= Bellienus =

Freedman of ancient Rome

Bellienus or Billienus was a man of ancient Rome who lived in the 1st-century BCE. He was the son of a female slave and was himself originally a slave, born into the family and ownership of one "Demetrius". Virtually everything we know about Bellienus comes from an exchange of letters between the orators Cicero and Marcus Caelius Rufus.

In 49 BCE, he was stationed at Intemelium (modern Ventimiglia) with a garrison, where he was bribed by partisans of Pompey to put to death a locally respected nobleman named Domitius, a friend of Pompey's enemy Julius Caesar.

The enraged Intimilii took up arms in revolt, and Marcus Caelius Rufus had to march to the town with some cohorts, to put down the insurrection.

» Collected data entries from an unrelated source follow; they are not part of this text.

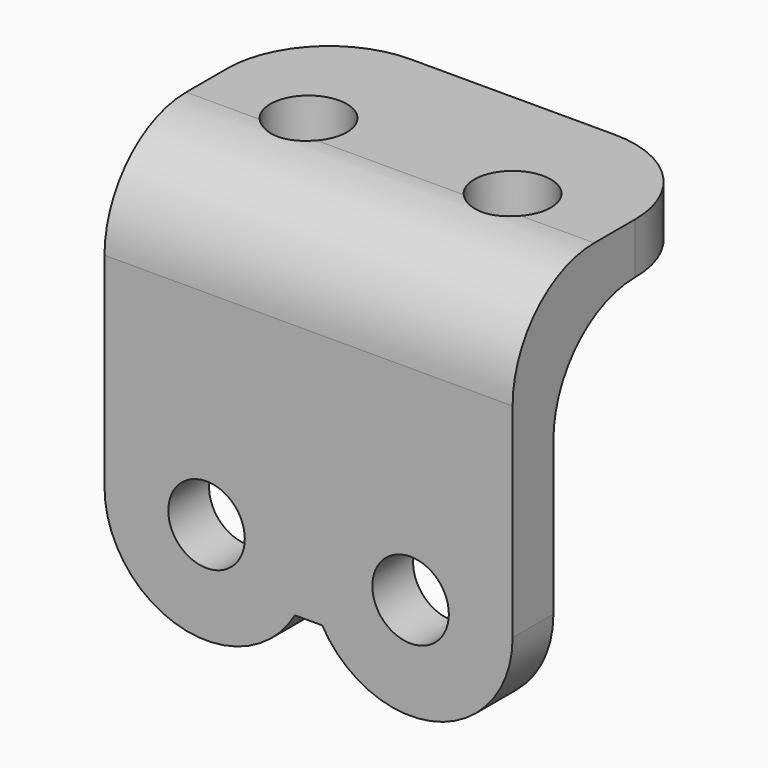
from build123d import *

# Parameters (mm, degrees)
F1_DEPTH     = 25.4
F2_R         = 2.38125
F3_DEPTH     = 28.576
F4_R         = 2.38125
F5_DEPTH     = 15.876
F6_T4_DEPTH  = 25.4
F6_S5_R      = 2.38125
F6_T6_DEPTH  = 15
F6_S7_R      = 2.38125
F6_T8_DEPTH  = 15
F6_T9_DEPTH  = 57.15
F6_T11_DEPTH = 34.925


# Not quite as in the source:
# - a fillet or chamfer that OpenCascade refuses, or shapes differently, is made with other operations: its cross-section is extruded or revolved along the edge and cut away or added


with BuildPart() as f1:
    # F0 (on Right) → F1 (new body)
    with BuildSketch(Plane.YZ):
        Polygon((0, 0), (12.7, 0), (12.7, 3.175), (-3.175, 3.175), (-3.175, -25.4), (0, -25.4), align=None)
    extrude(amount=F1_DEPTH)

    # F2 (on face) → F3 (cut, through all)
    with BuildSketch(Plane.XY.offset(3.175)):
        with Locations((6.35, 4.7625)):
            Circle(F2_R)
        with Locations((19.05, 4.7625)):
            Circle(F2_R)
    extrude(amount=-F3_DEPTH, mode=Mode.SUBTRACT)

    # F4 (on face) → F5 (cut, through all)
    with BuildSketch(Plane.XZ.offset(3.175)):
        with BuildLine():
            Line((13.550738686, -19.05), (11.849261314, -19.05))
            ThreePointArc((11.849261314, -19.05), (4.706499047, -22.0086289925), (0, -15.8749999656))
            Line((0, -15.8749999656), (0, -25.4))
            Line((0, -25.4), (25.4, -25.4))
            Line((25.4, -25.4), (25.4, -15.875))
            ThreePointArc((25.4, -15.875), (20.6935009364, -22.0086289969), (13.550738686, -19.05))
        make_face()
        with Locations((19.05, -15.875)):
            Circle(F4_R)
        with Locations((6.35, -15.875)):
            Circle(F4_R)
    extrude(amount=-F5_DEPTH, mode=Mode.SUBTRACT)

    # F6: fillet of radius 6.35 on 4 edges, made by hand


with BuildPart() as f6_tool2:
    # F6_s3 → F6_t4 (new body)
    with BuildSketch(Plane.YZ):
        with BuildLine():
            ThreePointArc((6.35, 0), (1.8598719395, -1.8598719395), (0, -6.35))
            Line((0, -6.35), (0, 0))
            Line((0, 0), (6.35, 0))
        make_face()
    extrude(amount=F6_T4_DEPTH)

    # F6_s5 → F6_t6 (cut, symmetric)
    with BuildSketch(Plane.XY.offset(-3.2)):
        with Locations((19.05, 4.7625)):
            Circle(F6_S5_R)
    extrude(amount=F6_T6_DEPTH, both=True, mode=Mode.SUBTRACT)

    # F6_s7 → F6_t8 (cut, symmetric)
    with BuildSketch(Plane.XY.offset(-3.2)):
        with Locations((6.35, 4.7625)):
            Circle(F6_S7_R)
    extrude(amount=F6_T8_DEPTH, both=True, mode=Mode.SUBTRACT)


with BuildPart() as f1_1:
    add(f1.part)

    # F6_t1: union F6_tool2
    add(f6_tool2.part)

    # F6_s10 → F6_t9 (cut)
    with BuildSketch(Plane.YZ.offset(-15.875)):
        with BuildLine():
            ThreePointArc((3.175, 3.175), (-1.3151280605, 1.3151280605), (-3.175, -3.175))
            Line((-3.175, -3.175), (-3.175, 3.175))
            Line((-3.175, 3.175), (3.175, 3.175))
        make_face()
    extrude(amount=F6_T9_DEPTH, mode=Mode.SUBTRACT)

    # F6_s12 → F6_t11 (cut)
    with BuildSketch(Plane.XY.offset(-15.875)):
        with BuildLine():
            ThreePointArc((6.35, 12.7), (1.8598719395, 10.8401280605), (0, 6.35))
            Line((0, 6.35), (0, 12.7))
            Line((0, 12.7), (6.35, 12.7))
        make_face()
        with BuildLine():
            ThreePointArc((25.4, 6.35), (23.5401280605, 10.8401280605), (19.05, 12.7))
            Line((19.05, 12.7), (25.4, 12.7))
            Line((25.4, 12.7), (25.4, 6.35))
        make_face()
    extrude(amount=F6_T11_DEPTH, mode=Mode.SUBTRACT)


solid = f1_1.part

Some scholars have raised doubts about this anecdote, or at least about the name "Bellienus". Nineteenth-century German philologist Karl Friedrich Hermann thought it unlikely that a freedman would have a name that was a well-attested cognomen of an unrelated Roman family, that of the minor but still noble Belliena gens. Later scholars, such as Robert Yelverton Tyrrell, Louis Claude Purser, Theodor Mommsen, and Johan Cornelis Gerard Boot demurred on the grounds that "many cognomina were used as nomina at the time". D. R. Shackleton Bailey proposes that Hermann was correct and that Demetrius himself, Bellienus's former owner, could himself have been a freedman, and to have inherited a family name of Bellienus.